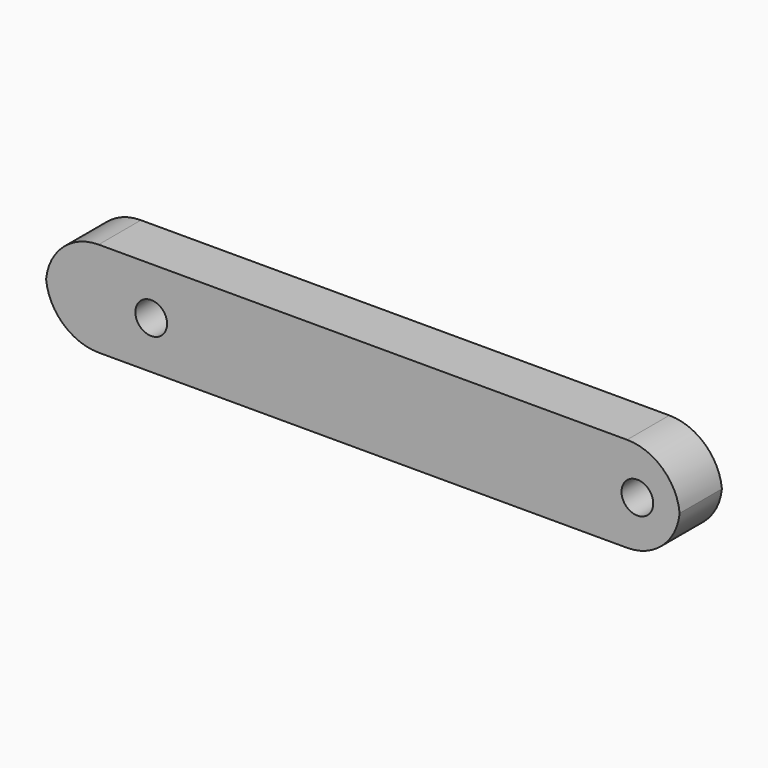
from build123d import *

# Parameters (mm, degrees)
F0_W        = 60
F0_H        = 9
F1_DEPTH    = 5
F2_T1_DEPTH = 30
F3_R        = 1.5
F4_DEPTH    = 12.5


# Not quite as in the source:
# - a fillet or chamfer that OpenCascade refuses, or shapes differently, is made with other operations: its cross-section is extruded or revolved along the edge and cut away or added


with BuildPart() as f1:
    # F0 (on Front) → F1 (new body)
    with BuildSketch(Plane.XZ):
        Rectangle(F0_W, F0_H)
    extrude(amount=F1_DEPTH)

    # F2: fillet of radius 5 on 4 edges, made by hand

    # F2_s2 → F2_t1 (cut)
    with BuildSketch(Plane.XZ.offset(-12.5)):
        with BuildLine():
            ThreePointArc((-25, 4.5), (-28.5355339059, 3.0355339059), (-30, -0.5))
            Line((-30, -0.5), (-30, 4.5))
            Line((-30, 4.5), (-25, 4.5))
        make_face()
        with BuildLine():
            ThreePointArc((-30, 0.5), (-28.5355339059, -3.0355339059), (-25, -4.5))
            Line((-25, -4.5), (-30, -4.5))
            Line((-30, -4.5), (-30, 0.5))
        make_face()
        with BuildLine():
            ThreePointArc((25, 4.5), (28.5355339059, 3.0355339059), (30, -0.5))
            Line((30, -0.5), (30, 4.5))
            Line((30, 4.5), (25, 4.5))
        make_face()
        with BuildLine():
            ThreePointArc((25, -4.5), (28.5355339059, -3.0355339059), (30, 0.5))
            Line((30, 0.5), (30, -4.5))
            Line((30, -4.5), (25, -4.5))
        make_face()
    extrude(amount=F2_T1_DEPTH, mode=Mode.SUBTRACT)

    # F3 (on Front) → F4 (cut, symmetric)
    with BuildSketch(Plane.XZ):
        with Locations((25.9749371855, 0)):
            Circle(F3_R)
        with Locations((-20.0250628145, 0)):
            Circle(F3_R)
    extrude(amount=F4_DEPTH, both=True, mode=Mode.SUBTRACT)


solid = f1.part

What you have to do: Going through the listing above, copy out every line that has the string "ThreePointArc".

Answer:
            ThreePointArc((-25, 4.5), (-28.5355339059, 3.0355339059), (-30, -0.5))
            ThreePointArc((-30, 0.5), (-28.5355339059, -3.0355339059), (-25, -4.5))
            ThreePointArc((25, 4.5), (28.5355339059, 3.0355339059), (30, -0.5))
            ThreePointArc((25, -4.5), (28.5355339059, -3.0355339059), (30, 0.5))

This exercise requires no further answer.